4.2 Key Concepts and Definitions

4.2.1 Random Sample

A random sample of size $n$ consists of $n$ independent observations, each drawn from the same underlying population distribution. Independence ensures that no observation influences another, and identical distribution guarantees that all observations are governed by the same probability rules.

4.2.2 Sample Statistics

4.2.2.1 Sample Mean

The sample mean is a measure of central tendency:

$\bar{X} = \frac{\sum_{i=1}^{n} X_i}{n}$

Example: Suppose we measure the heights of 5 individuals (in cm): $170, 165, 180, 175, 172$ . The sample mean is:

$\bar{X} = \frac{170 + 165 + 180 + 175 + 172}{5} = 172.4 \, \text{cm}.$

4.2.2.2 Sample Median

The sample median is the middle value of ordered data:

$\tilde{x} = \begin{cases} \text{Middle observation,} & \text{if } n \text{ is odd}, \\ \text{Average of two middle observations,} & \text{if } n \text{ is even}. \end{cases}$

4.2.2.3 Sample Variance

The sample variance measures data spread:

$S^2 = \frac{\sum_{i=1}^{n}(X_i - \bar{X})^2}{n-1}$

4.2.2.4 Sample Standard Deviation

The sample standard deviation is the square root of the variance:

$S = \sqrt{S^2}$

4.2.2.5 Sample Proportions

Used for categorical data:

$\hat{p} = \frac{X}{n} = \frac{\text{Number of successes}}{\text{Sample size}}$

4.2.2.6 Estimators

Point Estimator: A statistic ( $\hat{\theta}$ ) used to estimate a population parameter ( $\theta$ ).
Point Estimate:The numerical value assumed by $\hat{\theta}$ when evaluated for a given sample.
Unbiased Estimator: A point estimator $\hat{\theta}$ is unbiased if $E(\hat{\theta}) = \theta$ .

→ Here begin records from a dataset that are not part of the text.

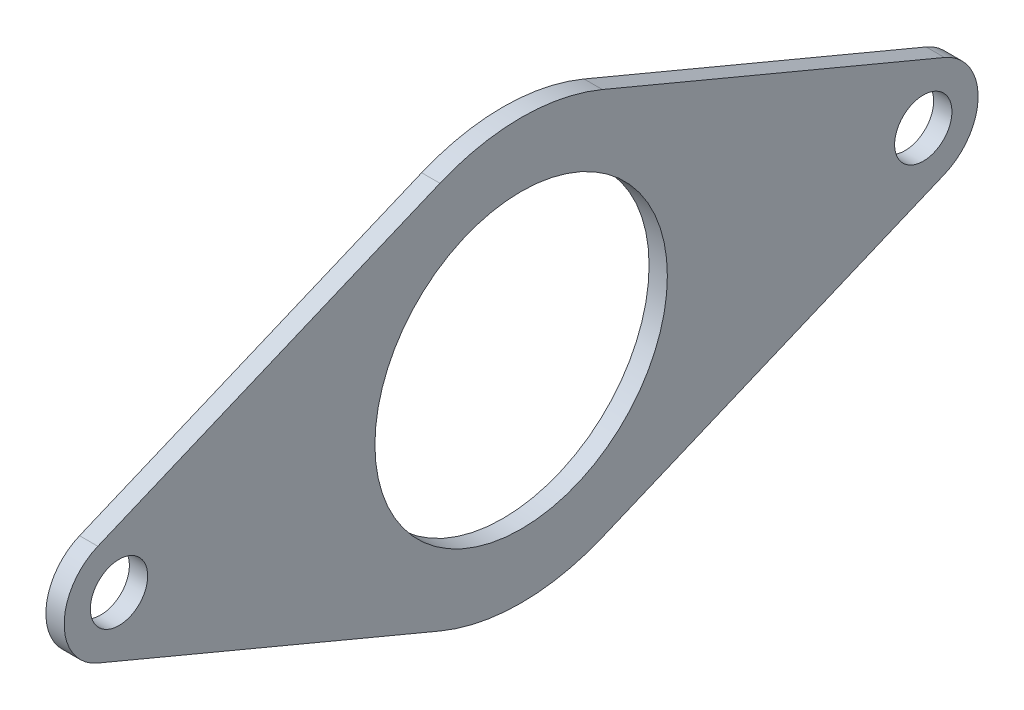
ISO-10303-21;
HEADER;
FILE_DESCRIPTION(('STEP AP214'),'2;1');
FILE_NAME('part.step','',(''),(''),'','','');
FILE_SCHEMA(('AUTOMOTIVE_DESIGN { 1 0 10303 214 1 1 1 1 }'));
ENDSEC;
DATA;
#1=APPLICATION_CONTEXT('core data for automotive mechanical design processes');
#2=APPLICATION_PROTOCOL_DEFINITION('international standard','automotive_design',2000,#1);
#3=PRODUCT_CONTEXT('',#1,'mechanical');
#4=PRODUCT('Part','Part','',(#3));
#5=PRODUCT_RELATED_PRODUCT_CATEGORY('part','',(#4));
#6=PRODUCT_DEFINITION_FORMATION('','',#4);
#7=PRODUCT_DEFINITION_CONTEXT('part definition',#1,'design');
#8=PRODUCT_DEFINITION('design','',#6,#7);
#9=PRODUCT_DEFINITION_SHAPE('','',#8);
#10=(LENGTH_UNIT() NAMED_UNIT(*) SI_UNIT(.MILLI.,.METRE.));
#11=(NAMED_UNIT(*) PLANE_ANGLE_UNIT() SI_UNIT($,.RADIAN.));
#12=(NAMED_UNIT(*) SI_UNIT($,.STERADIAN.) SOLID_ANGLE_UNIT());
#13=UNCERTAINTY_MEASURE_WITH_UNIT(LENGTH_MEASURE(1.E-05),#10,'distance_accuracy_value','');
#14=(GEOMETRIC_REPRESENTATION_CONTEXT(3) GLOBAL_UNCERTAINTY_ASSIGNED_CONTEXT((#13)) GLOBAL_UNIT_ASSIGNED_CONTEXT((#10,
#11,#12)) REPRESENTATION_CONTEXT('',''));
#15=CARTESIAN_POINT('',(0.,0.,0.));
#16=DIRECTION('',(0.,0.,1.));
#17=DIRECTION('',(1.,0.,0.));
#18=AXIS2_PLACEMENT_3D('',#15,#16,#17);
#19=CARTESIAN_POINT('',(0.79375,0.,34.925));
#20=DIRECTION('',(1.,0.,0.));
#21=DIRECTION('',(0.,0.,-1.));
#22=AXIS2_PLACEMENT_3D('',#19,#20,#21);
#23=PLANE('',#22);
#24=CARTESIAN_POINT('',(0.79375,0.,-34.925));
#25=DIRECTION('',(1.,0.,0.));
#26=DIRECTION('',(0.,0.,-1.));
#27=AXIS2_PLACEMENT_3D('',#24,#25,#26);
#28=CIRCLE('',#27,2.4892);
#29=CARTESIAN_POINT('',(0.79375,0.,-37.4142));
#30=VERTEX_POINT('',#29);
#31=EDGE_CURVE('E221',#30,#30,#28,.T.);
#32=ORIENTED_EDGE('',*,*,#31,.F.);
#33=EDGE_LOOP('',(#32));
#34=FACE_BOUND('',#33,.T.);
#35=CARTESIAN_POINT('',(0.79375,0.,34.925));
#36=DIRECTION('',(1.,0.,0.));
#37=DIRECTION('',(0.,0.,-1.));
#38=AXIS2_PLACEMENT_3D('',#35,#36,#37);
#39=CIRCLE('',#38,4.7625);
#40=CARTESIAN_POINT('',(0.79375,4.39267539841752,36.7650568181818));
#41=VERTEX_POINT('',#40);
#42=CARTESIAN_POINT('',(0.79375,-4.39267539841754,36.7650568181818));
#43=VERTEX_POINT('',#42);
#44=EDGE_CURVE('E172',#41,#43,#39,.T.);
#45=ORIENTED_EDGE('',*,*,#44,.T.);
#46=DIRECTION('',(0.,-0.386363636363636,-0.922346540350138));
#47=VECTOR('',#46,1.);
#48=CARTESIAN_POINT('',(0.79375,-4.39267539841754,36.7650568181818));
#49=LINE('',#48,#47);
#50=CARTESIAN_POINT('',(0.79375,-16.8385890272672,7.05355113636362));
#51=VERTEX_POINT('',#50);
#52=EDGE_CURVE('E108',#43,#51,#49,.T.);
#53=ORIENTED_EDGE('',*,*,#52,.T.);
#54=CARTESIAN_POINT('',(0.79375,0.,0.));
#55=DIRECTION('',(1.,0.,0.));
#56=DIRECTION('',(0.,0.,-1.));
#57=AXIS2_PLACEMENT_3D('',#54,#55,#56);
#58=CIRCLE('',#57,18.25625);
#59=CARTESIAN_POINT('',(0.79375,-16.8385890272672,-7.05355113636362));
#60=VERTEX_POINT('',#59);
#61=EDGE_CURVE('E193',#51,#60,#58,.T.);
#62=ORIENTED_EDGE('',*,*,#61,.T.);
#63=DIRECTION('',(0.,0.386363636363636,-0.922346540350138));
#64=VECTOR('',#63,1.);
#65=CARTESIAN_POINT('',(0.79375,-4.39267539841752,-36.7650568181818));
#66=LINE('',#65,#64);
#67=CARTESIAN_POINT('',(0.79375,-4.39267539841752,-36.7650568181818));
#68=VERTEX_POINT('',#67);
#69=EDGE_CURVE('E207',#60,#68,#66,.T.);
#70=ORIENTED_EDGE('',*,*,#69,.T.);
#71=CARTESIAN_POINT('',(0.79375,0.,-34.925));
#72=DIRECTION('',(1.,0.,0.));
#73=DIRECTION('',(0.,0.,-1.));
#74=AXIS2_PLACEMENT_3D('',#71,#72,#73);
#75=CIRCLE('',#74,4.7625);
#76=CARTESIAN_POINT('',(0.79375,4.39267539841754,-36.7650568181818));
#77=VERTEX_POINT('',#76);
#78=EDGE_CURVE('E127',#68,#77,#75,.T.);
#79=ORIENTED_EDGE('',*,*,#78,.T.);
#80=DIRECTION('',(0.,0.386363636363636,0.922346540350138));
#81=VECTOR('',#80,1.);
#82=CARTESIAN_POINT('',(0.79375,4.39267539841754,-36.7650568181818));
#83=LINE('',#82,#81);
#84=CARTESIAN_POINT('',(0.79375,16.8385890272672,-7.05355113636363));
#85=VERTEX_POINT('',#84);
#86=EDGE_CURVE('E121',#77,#85,#83,.T.);
#87=ORIENTED_EDGE('',*,*,#86,.T.);
#88=CARTESIAN_POINT('',(0.79375,0.,0.));
#89=DIRECTION('',(1.,0.,0.));
#90=DIRECTION('',(0.,0.,-1.));
#91=AXIS2_PLACEMENT_3D('',#88,#89,#90);
#92=CIRCLE('',#91,18.25625);
#93=CARTESIAN_POINT('',(0.79375,16.8385890272672,7.05355113636364));
#94=VERTEX_POINT('',#93);
#95=EDGE_CURVE('E125',#85,#94,#92,.T.);
#96=ORIENTED_EDGE('',*,*,#95,.T.);
#97=DIRECTION('',(0.,-0.386363636363637,0.922346540350137));
#98=VECTOR('',#97,1.);
#99=CARTESIAN_POINT('',(0.79375,4.39267539841752,36.7650568181818));
#100=LINE('',#99,#98);
#101=EDGE_CURVE('E65',#94,#41,#100,.T.);
#102=ORIENTED_EDGE('',*,*,#101,.T.);
#103=EDGE_LOOP('',(#45,#53,#62,#70,#79,#87,#96,#102));
#104=FACE_BOUND('',#103,.T.);
#105=CARTESIAN_POINT('',(0.79375,0.,0.));
#106=DIRECTION('',(1.,0.,0.));
#107=DIRECTION('',(0.,0.,-1.));
#108=AXIS2_PLACEMENT_3D('',#105,#106,#107);
#109=CIRCLE('',#108,12.7);
#110=CARTESIAN_POINT('',(0.79375,0.,-12.7));
#111=VERTEX_POINT('',#110);
#112=EDGE_CURVE('E154',#111,#111,#109,.T.);
#113=ORIENTED_EDGE('',*,*,#112,.F.);
#114=EDGE_LOOP('',(#113));
#115=FACE_BOUND('',#114,.T.);
#116=CARTESIAN_POINT('',(0.79375,0.,34.925));
#117=DIRECTION('',(1.,0.,0.));
#118=DIRECTION('',(0.,0.,-1.));
#119=AXIS2_PLACEMENT_3D('',#116,#117,#118);
#120=CIRCLE('',#119,2.4892);
#121=CARTESIAN_POINT('',(0.79375,0.,32.4358));
#122=VERTEX_POINT('',#121);
#123=EDGE_CURVE('E229',#122,#122,#120,.T.);
#124=ORIENTED_EDGE('',*,*,#123,.F.);
#125=EDGE_LOOP('',(#124));
#126=FACE_BOUND('',#125,.T.);
#127=ADVANCED_FACE('F47',(#34,#104,#115,#126),#23,.T.);
#128=CARTESIAN_POINT('',(-0.79375,0.,34.925));
#129=DIRECTION('',(1.,0.,0.));
#130=DIRECTION('',(0.,0.,-1.));
#131=AXIS2_PLACEMENT_3D('',#128,#129,#130);
#132=PLANE('',#131);
#133=CARTESIAN_POINT('',(-0.79375,0.,34.925));
#134=DIRECTION('',(1.,0.,0.));
#135=DIRECTION('',(0.,0.,-1.));
#136=AXIS2_PLACEMENT_3D('',#133,#134,#135);
#137=CIRCLE('',#136,4.7625);
#138=CARTESIAN_POINT('',(-0.79375,4.39267539841752,36.7650568181818));
#139=VERTEX_POINT('',#138);
#140=CARTESIAN_POINT('',(-0.79375,-4.39267539841754,36.7650568181818));
#141=VERTEX_POINT('',#140);
#142=EDGE_CURVE('E149',#139,#141,#137,.T.);
#143=ORIENTED_EDGE('',*,*,#142,.F.);
#144=DIRECTION('',(0.,-0.386363636363637,0.922346540350137));
#145=VECTOR('',#144,1.);
#146=CARTESIAN_POINT('',(-0.79375,4.39267539841752,36.7650568181818));
#147=LINE('',#146,#145);
#148=CARTESIAN_POINT('',(-0.79375,16.8385890272672,7.05355113636364));
#149=VERTEX_POINT('',#148);
#150=EDGE_CURVE('E100',#149,#139,#147,.T.);
#151=ORIENTED_EDGE('',*,*,#150,.F.);
#152=CARTESIAN_POINT('',(-0.79375,0.,0.));
#153=DIRECTION('',(1.,0.,0.));
#154=DIRECTION('',(0.,0.,-1.));
#155=AXIS2_PLACEMENT_3D('',#152,#153,#154);
#156=CIRCLE('',#155,18.25625);
#157=CARTESIAN_POINT('',(-0.79375,16.8385890272672,-7.05355113636363));
#158=VERTEX_POINT('',#157);
#159=EDGE_CURVE('E94',#158,#149,#156,.T.);
#160=ORIENTED_EDGE('',*,*,#159,.F.);
#161=DIRECTION('',(0.,0.386363636363636,0.922346540350138));
#162=VECTOR('',#161,1.);
#163=CARTESIAN_POINT('',(-0.79375,4.39267539841754,-36.7650568181818));
#164=LINE('',#163,#162);
#165=CARTESIAN_POINT('',(-0.79375,4.39267539841754,-36.7650568181818));
#166=VERTEX_POINT('',#165);
#167=EDGE_CURVE('E136',#166,#158,#164,.T.);
#168=ORIENTED_EDGE('',*,*,#167,.F.);
#169=CARTESIAN_POINT('',(-0.79375,0.,-34.925));
#170=DIRECTION('',(1.,0.,0.));
#171=DIRECTION('',(0.,0.,-1.));
#172=AXIS2_PLACEMENT_3D('',#169,#170,#171);
#173=CIRCLE('',#172,4.7625);
#174=CARTESIAN_POINT('',(-0.79375,-4.39267539841752,-36.7650568181818));
#175=VERTEX_POINT('',#174);
#176=EDGE_CURVE('E163',#175,#166,#173,.T.);
#177=ORIENTED_EDGE('',*,*,#176,.F.);
#178=DIRECTION('',(0.,0.386363636363636,-0.922346540350138));
#179=VECTOR('',#178,1.);
#180=CARTESIAN_POINT('',(-0.79375,-4.39267539841752,-36.7650568181818));
#181=LINE('',#180,#179);
#182=CARTESIAN_POINT('',(-0.79375,-16.8385890272672,-7.05355113636362));
#183=VERTEX_POINT('',#182);
#184=EDGE_CURVE('E160',#183,#175,#181,.T.);
#185=ORIENTED_EDGE('',*,*,#184,.F.);
#186=CARTESIAN_POINT('',(-0.79375,0.,0.));
#187=DIRECTION('',(1.,0.,0.));
#188=DIRECTION('',(0.,0.,-1.));
#189=AXIS2_PLACEMENT_3D('',#186,#187,#188);
#190=CIRCLE('',#189,18.25625);
#191=CARTESIAN_POINT('',(-0.79375,-16.8385890272672,7.05355113636362));
#192=VERTEX_POINT('',#191);
#193=EDGE_CURVE('E157',#192,#183,#190,.T.);
#194=ORIENTED_EDGE('',*,*,#193,.F.);
#195=DIRECTION('',(0.,-0.386363636363636,-0.922346540350138));
#196=VECTOR('',#195,1.);
#197=CARTESIAN_POINT('',(-0.79375,-4.39267539841754,36.7650568181818));
#198=LINE('',#197,#196);
#199=EDGE_CURVE('E153',#141,#192,#198,.T.);
#200=ORIENTED_EDGE('',*,*,#199,.F.);
#201=EDGE_LOOP('',(#143,#151,#160,#168,#177,#185,#194,#200));
#202=FACE_BOUND('',#201,.T.);
#203=CARTESIAN_POINT('',(-0.79375,0.,0.));
#204=DIRECTION('',(1.,0.,0.));
#205=DIRECTION('',(0.,0.,-1.));
#206=AXIS2_PLACEMENT_3D('',#203,#204,#205);
#207=CIRCLE('',#206,12.7);
#208=CARTESIAN_POINT('',(-0.79375,0.,-12.7));
#209=VERTEX_POINT('',#208);
#210=EDGE_CURVE('E217',#209,#209,#207,.T.);
#211=ORIENTED_EDGE('',*,*,#210,.T.);
#212=EDGE_LOOP('',(#211));
#213=FACE_BOUND('',#212,.T.);
#214=CARTESIAN_POINT('',(-0.79375,0.,-34.925));
#215=DIRECTION('',(1.,0.,0.));
#216=DIRECTION('',(0.,0.,-1.));
#217=AXIS2_PLACEMENT_3D('',#214,#215,#216);
#218=CIRCLE('',#217,2.4892);
#219=CARTESIAN_POINT('',(-0.79375,0.,-37.4142));
#220=VERTEX_POINT('',#219);
#221=EDGE_CURVE('E225',#220,#220,#218,.T.);
#222=ORIENTED_EDGE('',*,*,#221,.T.);
#223=EDGE_LOOP('',(#222));
#224=FACE_BOUND('',#223,.T.);
#225=CARTESIAN_POINT('',(-0.79375,0.,34.925));
#226=DIRECTION('',(1.,0.,0.));
#227=DIRECTION('',(0.,0.,-1.));
#228=AXIS2_PLACEMENT_3D('',#225,#226,#227);
#229=CIRCLE('',#228,2.4892);
#230=CARTESIAN_POINT('',(-0.79375,0.,32.4358));
#231=VERTEX_POINT('',#230);
#232=EDGE_CURVE('E233',#231,#231,#229,.T.);
#233=ORIENTED_EDGE('',*,*,#232,.T.);
#234=EDGE_LOOP('',(#233));
#235=FACE_BOUND('',#234,.T.);
#236=ADVANCED_FACE('F197',(#202,#213,#224,#235),#132,.F.);
#237=CARTESIAN_POINT('',(0.79375,0.,34.925));
#238=DIRECTION('',(-1.,0.,0.));
#239=DIRECTION('',(0.,0.,1.));
#240=AXIS2_PLACEMENT_3D('',#237,#238,#239);
#241=CYLINDRICAL_SURFACE('',#240,4.7625);
#242=ORIENTED_EDGE('',*,*,#142,.T.);
#243=DIRECTION('',(-1.,0.,0.));
#244=VECTOR('',#243,1.);
#245=CARTESIAN_POINT('',(0.79375,-4.39267539841754,36.7650568181818));
#246=LINE('',#245,#244);
#247=EDGE_CURVE('E11',#43,#141,#246,.T.);
#248=ORIENTED_EDGE('',*,*,#247,.F.);
#249=ORIENTED_EDGE('',*,*,#44,.F.);
#250=DIRECTION('',(-1.,0.,0.));
#251=VECTOR('',#250,1.);
#252=CARTESIAN_POINT('',(0.79375,4.39267539841752,36.7650568181818));
#253=LINE('',#252,#251);
#254=EDGE_CURVE('E145',#41,#139,#253,.T.);
#255=ORIENTED_EDGE('',*,*,#254,.T.);
#256=EDGE_LOOP('',(#242,#248,#249,#255));
#257=FACE_BOUND('',#256,.T.);
#258=ADVANCED_FACE('F49',(#257),#241,.T.);
#259=CARTESIAN_POINT('',(0.79375,-4.39267539841754,36.7650568181818));
#260=DIRECTION('',(0.,0.922346540350138,-0.386363636363636));
#261=DIRECTION('',(0.,0.386363636363636,0.922346540350138));
#262=AXIS2_PLACEMENT_3D('',#259,#260,#261);
#263=PLANE('',#262);
#264=ORIENTED_EDGE('',*,*,#199,.T.);
#265=DIRECTION('',(-1.,0.,0.));
#266=VECTOR('',#265,1.);
#267=CARTESIAN_POINT('',(0.79375,-16.8385890272672,7.05355113636362));
#268=LINE('',#267,#266);
#269=EDGE_CURVE('E57',#51,#192,#268,.T.);
#270=ORIENTED_EDGE('',*,*,#269,.F.);
#271=ORIENTED_EDGE('',*,*,#52,.F.);
#272=ORIENTED_EDGE('',*,*,#247,.T.);
#273=EDGE_LOOP('',(#264,#270,#271,#272));
#274=FACE_BOUND('',#273,.T.);
#275=ADVANCED_FACE('F268',(#274),#263,.F.);
#276=CARTESIAN_POINT('',(0.79375,0.,0.));
#277=DIRECTION('',(-1.,0.,0.));
#278=DIRECTION('',(0.,0.,1.));
#279=AXIS2_PLACEMENT_3D('',#276,#277,#278);
#280=CYLINDRICAL_SURFACE('',#279,18.25625);
#281=ORIENTED_EDGE('',*,*,#193,.T.);
#282=DIRECTION('',(-1.,0.,0.));
#283=VECTOR('',#282,1.);
#284=CARTESIAN_POINT('',(0.79375,-16.8385890272672,-7.05355113636362));
#285=LINE('',#284,#283);
#286=EDGE_CURVE('E183',#60,#183,#285,.T.);
#287=ORIENTED_EDGE('',*,*,#286,.F.);
#288=ORIENTED_EDGE('',*,*,#61,.F.);
#289=ORIENTED_EDGE('',*,*,#269,.T.);
#290=EDGE_LOOP('',(#281,#287,#288,#289));
#291=FACE_BOUND('',#290,.T.);
#292=ADVANCED_FACE('F191',(#291),#280,.T.);
#293=CARTESIAN_POINT('',(0.79375,-4.39267539841752,-36.7650568181818));
#294=DIRECTION('',(0.,0.922346540350137,0.386363636363636));
#295=DIRECTION('',(0.,-0.386363636363636,0.922346540350138));
#296=AXIS2_PLACEMENT_3D('',#293,#294,#295);
#297=PLANE('',#296);
#298=ORIENTED_EDGE('',*,*,#184,.T.);
#299=DIRECTION('',(-1.,0.,0.));
#300=VECTOR('',#299,1.);
#301=CARTESIAN_POINT('',(0.79375,-4.39267539841752,-36.7650568181818));
#302=LINE('',#301,#300);
#303=EDGE_CURVE('E179',#68,#175,#302,.T.);
#304=ORIENTED_EDGE('',*,*,#303,.F.);
#305=ORIENTED_EDGE('',*,*,#69,.F.);
#306=ORIENTED_EDGE('',*,*,#286,.T.);
#307=EDGE_LOOP('',(#298,#304,#305,#306));
#308=FACE_BOUND('',#307,.T.);
#309=ADVANCED_FACE('F202',(#308),#297,.F.);
#310=CARTESIAN_POINT('',(0.79375,0.,-34.925));
#311=DIRECTION('',(-1.,0.,0.));
#312=DIRECTION('',(0.,0.,1.));
#313=AXIS2_PLACEMENT_3D('',#310,#311,#312);
#314=CYLINDRICAL_SURFACE('',#313,4.7625);
#315=ORIENTED_EDGE('',*,*,#176,.T.);
#316=DIRECTION('',(-1.,0.,0.));
#317=VECTOR('',#316,1.);
#318=CARTESIAN_POINT('',(0.79375,4.39267539841754,-36.7650568181818));
#319=LINE('',#318,#317);
#320=EDGE_CURVE('E138',#77,#166,#319,.T.);
#321=ORIENTED_EDGE('',*,*,#320,.F.);
#322=ORIENTED_EDGE('',*,*,#78,.F.);
#323=ORIENTED_EDGE('',*,*,#303,.T.);
#324=EDGE_LOOP('',(#315,#321,#322,#323));
#325=FACE_BOUND('',#324,.T.);
#326=ADVANCED_FACE('F205',(#325),#314,.T.);
#327=CARTESIAN_POINT('',(0.79375,4.39267539841754,-36.7650568181818));
#328=DIRECTION('',(0.,-0.922346540350138,0.386363636363636));
#329=DIRECTION('',(0.,-0.386363636363636,-0.922346540350138));
#330=AXIS2_PLACEMENT_3D('',#327,#328,#329);
#331=PLANE('',#330);
#332=ORIENTED_EDGE('',*,*,#167,.T.);
#333=DIRECTION('',(-1.,0.,0.));
#334=VECTOR('',#333,1.);
#335=CARTESIAN_POINT('',(0.79375,16.8385890272672,-7.05355113636363));
#336=LINE('',#335,#334);
#337=EDGE_CURVE('E133',#85,#158,#336,.T.);
#338=ORIENTED_EDGE('',*,*,#337,.F.);
#339=ORIENTED_EDGE('',*,*,#86,.F.);
#340=ORIENTED_EDGE('',*,*,#320,.T.);
#341=EDGE_LOOP('',(#332,#338,#339,#340));
#342=FACE_BOUND('',#341,.T.);
#343=ADVANCED_FACE('F134',(#342),#331,.F.);
#344=CARTESIAN_POINT('',(0.79375,0.,0.));
#345=DIRECTION('',(-1.,0.,0.));
#346=DIRECTION('',(0.,0.,1.));
#347=AXIS2_PLACEMENT_3D('',#344,#345,#346);
#348=CYLINDRICAL_SURFACE('',#347,18.25625);
#349=ORIENTED_EDGE('',*,*,#159,.T.);
#350=DIRECTION('',(-1.,0.,0.));
#351=VECTOR('',#350,1.);
#352=CARTESIAN_POINT('',(0.79375,16.8385890272672,7.05355113636364));
#353=LINE('',#352,#351);
#354=EDGE_CURVE('E139',#94,#149,#353,.T.);
#355=ORIENTED_EDGE('',*,*,#354,.F.);
#356=ORIENTED_EDGE('',*,*,#95,.F.);
#357=ORIENTED_EDGE('',*,*,#337,.T.);
#358=EDGE_LOOP('',(#349,#355,#356,#357));
#359=FACE_BOUND('',#358,.T.);
#360=ADVANCED_FACE('F141',(#359),#348,.T.);
#361=CARTESIAN_POINT('',(0.79375,4.39267539841752,36.7650568181818));
#362=DIRECTION('',(0.,-0.922346540350137,-0.386363636363637));
#363=DIRECTION('',(0.,0.386363636363637,-0.922346540350137));
#364=AXIS2_PLACEMENT_3D('',#361,#362,#363);
#365=PLANE('',#364);
#366=ORIENTED_EDGE('',*,*,#150,.T.);
#367=ORIENTED_EDGE('',*,*,#254,.F.);
#368=ORIENTED_EDGE('',*,*,#101,.F.);
#369=ORIENTED_EDGE('',*,*,#354,.T.);
#370=EDGE_LOOP('',(#366,#367,#368,#369));
#371=FACE_BOUND('',#370,.T.);
#372=ADVANCED_FACE('F256',(#371),#365,.F.);
#373=CARTESIAN_POINT('',(0.79375,0.,0.));
#374=DIRECTION('',(-1.,0.,0.));
#375=DIRECTION('',(0.,0.,1.));
#376=AXIS2_PLACEMENT_3D('',#373,#374,#375);
#377=CYLINDRICAL_SURFACE('',#376,12.7);
#378=ORIENTED_EDGE('',*,*,#112,.T.);
#379=EDGE_LOOP('',(#378));
#380=FACE_BOUND('',#379,.T.);
#381=ORIENTED_EDGE('',*,*,#210,.F.);
#382=EDGE_LOOP('',(#381));
#383=FACE_BOUND('',#382,.T.);
#384=ADVANCED_FACE('F253',(#380,#383),#377,.F.);
#385=CARTESIAN_POINT('',(0.79375,0.,-34.925));
#386=DIRECTION('',(-1.,0.,0.));
#387=DIRECTION('',(0.,0.,1.));
#388=AXIS2_PLACEMENT_3D('',#385,#386,#387);
#389=CYLINDRICAL_SURFACE('',#388,2.4892);
#390=ORIENTED_EDGE('',*,*,#31,.T.);
#391=EDGE_LOOP('',(#390));
#392=FACE_BOUND('',#391,.T.);
#393=ORIENTED_EDGE('',*,*,#221,.F.);
#394=EDGE_LOOP('',(#393));
#395=FACE_BOUND('',#394,.T.);
#396=ADVANCED_FACE('F331',(#392,#395),#389,.F.);
#397=CARTESIAN_POINT('',(0.79375,0.,34.925));
#398=DIRECTION('',(-1.,0.,0.));
#399=DIRECTION('',(0.,0.,1.));
#400=AXIS2_PLACEMENT_3D('',#397,#398,#399);
#401=CYLINDRICAL_SURFACE('',#400,2.4892);
#402=ORIENTED_EDGE('',*,*,#123,.T.);
#403=EDGE_LOOP('',(#402));
#404=FACE_BOUND('',#403,.T.);
#405=ORIENTED_EDGE('',*,*,#232,.F.);
#406=EDGE_LOOP('',(#405));
#407=FACE_BOUND('',#406,.T.);
#408=ADVANCED_FACE('F241',(#404,#407),#401,.F.);
#409=CLOSED_SHELL('',(#127,#236,#258,#275,#292,#309,#326,#343,#360,#372,#384,#396,#408));
#410=MANIFOLD_SOLID_BREP('B2',#409);
#411=ADVANCED_BREP_SHAPE_REPRESENTATION('',(#18,#410),#14);
#412=SHAPE_DEFINITION_REPRESENTATION(#9,#411);
ENDSEC;
END-ISO-10303-21;

Examples of unbiased estimators:

$\bar{X}$ for $\mu$ (population mean).
$S^2$ for $\sigma^2$ (population variance).
$\hat{p}$ for $p$ (population proportion).
$\widehat{p_1-p_2}$ for $p_1- p_2$ (population proportion difference)
$\bar{X_1} - \bar{X_2}$ for $\mu_1 - \mu_2$ (population mean difference)

Note: While $S^2$ is unbiased for $\sigma^2$ , $S$ is a biased estimator of $\sigma$ .

4.2.3 Distribution of the Sample Mean

The sampling distribution of the mean $\bar{X}$ depends on:

Population Distribution:
- If $X \sim N(\mu, \sigma^2)$ , then $\bar{X} \sim N\left(\mu, \frac{\sigma^2}{n}\right)$ .
Central Limit Theorem:
- For large $n$ , $\bar{X}$ approximately follows a normal distribution, regardless of the population’s shape.

4.2.3.1 Standard Error of the Mean

The standard error quantifies variability in $\bar{X}$ :

$\sigma_{\bar{X}} = \frac{\sigma}{\sqrt{n}}$

Example: - Suppose $\sigma = 10$ and $n = 25$ . Then: $\sigma_{\bar{X}} = \frac{10}{\sqrt{25}} = 2.$

The smaller the standard error, the more precise our estimate of the population mean.